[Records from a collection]
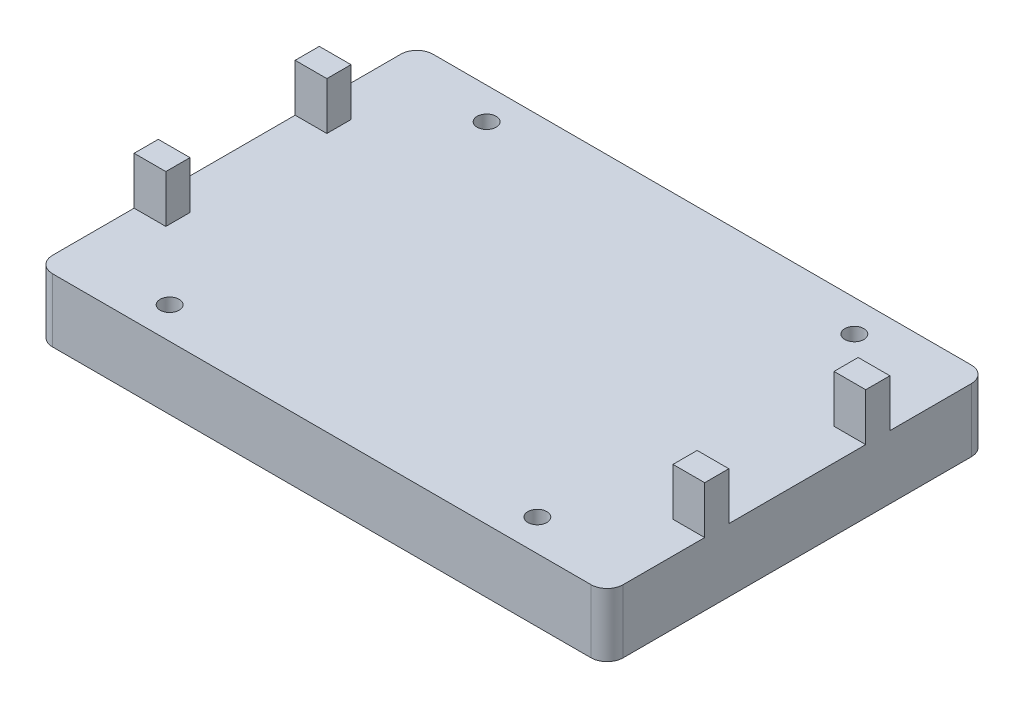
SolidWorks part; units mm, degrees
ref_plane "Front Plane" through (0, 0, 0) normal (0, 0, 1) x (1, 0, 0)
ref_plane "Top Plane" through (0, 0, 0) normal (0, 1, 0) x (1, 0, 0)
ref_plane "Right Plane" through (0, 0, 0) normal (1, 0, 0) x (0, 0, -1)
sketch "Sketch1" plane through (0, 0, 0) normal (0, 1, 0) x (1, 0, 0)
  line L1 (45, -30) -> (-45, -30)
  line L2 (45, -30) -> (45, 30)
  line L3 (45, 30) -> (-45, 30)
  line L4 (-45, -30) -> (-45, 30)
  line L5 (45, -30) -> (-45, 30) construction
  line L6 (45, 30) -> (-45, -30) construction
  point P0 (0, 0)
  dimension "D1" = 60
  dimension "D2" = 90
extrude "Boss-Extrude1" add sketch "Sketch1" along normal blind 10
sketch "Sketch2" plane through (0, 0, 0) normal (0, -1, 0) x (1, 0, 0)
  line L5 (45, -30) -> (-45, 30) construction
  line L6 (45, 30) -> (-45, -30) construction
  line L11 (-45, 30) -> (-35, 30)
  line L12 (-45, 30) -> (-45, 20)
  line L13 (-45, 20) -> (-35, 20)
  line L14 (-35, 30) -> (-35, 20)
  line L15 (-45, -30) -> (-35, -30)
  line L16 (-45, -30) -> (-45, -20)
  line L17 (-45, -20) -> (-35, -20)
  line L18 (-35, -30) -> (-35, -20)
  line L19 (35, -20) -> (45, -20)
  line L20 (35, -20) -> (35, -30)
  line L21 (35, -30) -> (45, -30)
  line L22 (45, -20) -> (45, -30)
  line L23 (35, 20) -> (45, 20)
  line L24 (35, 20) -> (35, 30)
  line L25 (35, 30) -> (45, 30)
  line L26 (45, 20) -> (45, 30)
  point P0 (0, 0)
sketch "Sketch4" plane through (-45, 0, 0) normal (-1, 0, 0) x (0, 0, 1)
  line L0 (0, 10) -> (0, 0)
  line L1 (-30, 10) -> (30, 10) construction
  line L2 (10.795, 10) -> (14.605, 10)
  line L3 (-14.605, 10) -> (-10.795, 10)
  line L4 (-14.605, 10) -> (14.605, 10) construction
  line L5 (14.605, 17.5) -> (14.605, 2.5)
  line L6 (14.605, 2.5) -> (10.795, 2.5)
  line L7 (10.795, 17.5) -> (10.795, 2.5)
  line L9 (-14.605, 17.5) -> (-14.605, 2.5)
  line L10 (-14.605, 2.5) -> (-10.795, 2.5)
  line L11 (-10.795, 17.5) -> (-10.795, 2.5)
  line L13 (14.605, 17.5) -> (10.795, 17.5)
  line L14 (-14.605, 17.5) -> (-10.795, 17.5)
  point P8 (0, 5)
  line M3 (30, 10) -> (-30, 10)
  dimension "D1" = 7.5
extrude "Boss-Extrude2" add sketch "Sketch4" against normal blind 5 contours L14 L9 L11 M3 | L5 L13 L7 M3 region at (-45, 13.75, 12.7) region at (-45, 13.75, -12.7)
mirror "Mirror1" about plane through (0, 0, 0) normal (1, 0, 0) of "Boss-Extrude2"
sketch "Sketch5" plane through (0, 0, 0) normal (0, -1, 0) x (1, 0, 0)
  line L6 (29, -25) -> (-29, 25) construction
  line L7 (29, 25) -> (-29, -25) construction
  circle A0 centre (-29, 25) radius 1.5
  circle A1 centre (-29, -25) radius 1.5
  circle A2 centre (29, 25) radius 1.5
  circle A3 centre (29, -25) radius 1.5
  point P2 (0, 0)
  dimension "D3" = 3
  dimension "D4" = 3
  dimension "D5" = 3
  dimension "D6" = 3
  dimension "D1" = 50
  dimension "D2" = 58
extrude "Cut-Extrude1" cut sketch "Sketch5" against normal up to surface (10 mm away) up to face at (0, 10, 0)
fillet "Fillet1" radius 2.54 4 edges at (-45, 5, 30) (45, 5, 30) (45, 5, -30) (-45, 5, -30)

* _ABOUT THIS EXERCISE_: All preceding records should be duplicated verbatim, images excepted.

* _WRITTEN SOLUTION_:
SolidWorks part; units mm, degrees
ref_plane "Front Plane" through (0, 0, 0) normal (0, 0, 1) x (1, 0, 0)
ref_plane "Top Plane" through (0, 0, 0) normal (0, 1, 0) x (1, 0, 0)
ref_plane "Right Plane" through (0, 0, 0) normal (1, 0, 0) x (0, 0, -1)
sketch "Sketch1" plane through (0, 0, 0) normal (0, 1, 0) x (1, 0, 0)
  line L1 (45, -30) -> (-45, -30)
  line L2 (45, -30) -> (45, 30)
  line L3 (45, 30) -> (-45, 30)
  line L4 (-45, -30) -> (-45, 30)
  line L5 (45, -30) -> (-45, 30) construction
  line L6 (45, 30) -> (-45, -30) construction
  point P0 (0, 0)
  dimension "D1" = 60
  dimension "D2" = 90
extrude "Boss-Extrude1" add sketch "Sketch1" along normal blind 10
sketch "Sketch2" plane through (0, 0, 0) normal (0, -1, 0) x (1, 0, 0)
  line L5 (45, -30) -> (-45, 30) construction
  line L6 (45, 30) -> (-45, -30) construction
  line L11 (-45, 30) -> (-35, 30)
  line L12 (-45, 30) -> (-45, 20)
  line L13 (-45, 20) -> (-35, 20)
  line L14 (-35, 30) -> (-35, 20)
  line L15 (-45, -30) -> (-35, -30)
  line L16 (-45, -30) -> (-45, -20)
  line L17 (-45, -20) -> (-35, -20)
  line L18 (-35, -30) -> (-35, -20)
  line L19 (35, -20) -> (45, -20)
  line L20 (35, -20) -> (35, -30)
  line L21 (35, -30) -> (45, -30)
  line L22 (45, -20) -> (45, -30)
  line L23 (35, 20) -> (45, 20)
  line L24 (35, 20) -> (35, 30)
  line L25 (35, 30) -> (45, 30)
  line L26 (45, 20) -> (45, 30)
  point P0 (0, 0)
sketch "Sketch4" plane through (-45, 0, 0) normal (-1, 0, 0) x (0, 0, 1)
  line L0 (0, 10) -> (0, 0)
  line L1 (-30, 10) -> (30, 10) construction
  line L2 (10.795, 10) -> (14.605, 10)
  line L3 (-14.605, 10) -> (-10.795, 10)
  line L4 (-14.605, 10) -> (14.605, 10) construction
  line L5 (14.605, 17.5) -> (14.605, 2.5)
  line L6 (14.605, 2.5) -> (10.795, 2.5)
  line L7 (10.795, 17.5) -> (10.795, 2.5)
  line L9 (-14.605, 17.5) -> (-14.605, 2.5)
  line L10 (-14.605, 2.5) -> (-10.795, 2.5)
  line L11 (-10.795, 17.5) -> (-10.795, 2.5)
  line L13 (14.605, 17.5) -> (10.795, 17.5)
  line L14 (-14.605, 17.5) -> (-10.795, 17.5)
  point P8 (0, 5)
  line M3 (30, 10) -> (-30, 10)
  dimension "D1" = 7.5
extrude "Boss-Extrude2" add sketch "Sketch4" against normal blind 5 contours L14 L9 L11 M3 | L5 L13 L7 M3 region at (-45, 13.75, 12.7) region at (-45, 13.75, -12.7)
mirror "Mirror1" about plane through (0, 0, 0) normal (1, 0, 0) of "Boss-Extrude2"
sketch "Sketch5" plane through (0, 0, 0) normal (0, -1, 0) x (1, 0, 0)
  line L6 (29, -25) -> (-29, 25) construction
  line L7 (29, 25) -> (-29, -25) construction
  circle A0 centre (-29, 25) radius 1.5
  circle A1 centre (-29, -25) radius 1.5
  circle A2 centre (29, 25) radius 1.5
  circle A3 centre (29, -25) radius 1.5
  point P2 (0, 0)
  dimension "D3" = 3
  dimension "D4" = 3
  dimension "D5" = 3
  dimension "D6" = 3
  dimension "D1" = 50
  dimension "D2" = 58
extrude "Cut-Extrude1" cut sketch "Sketch5" against normal up to surface (10 mm away) up to face at (0, 10, 0)
fillet "Fillet1" radius 2.54 4 edges at (-45, 5, 30) (45, 5, 30) (45, 5, -30) (-45, 5, -30)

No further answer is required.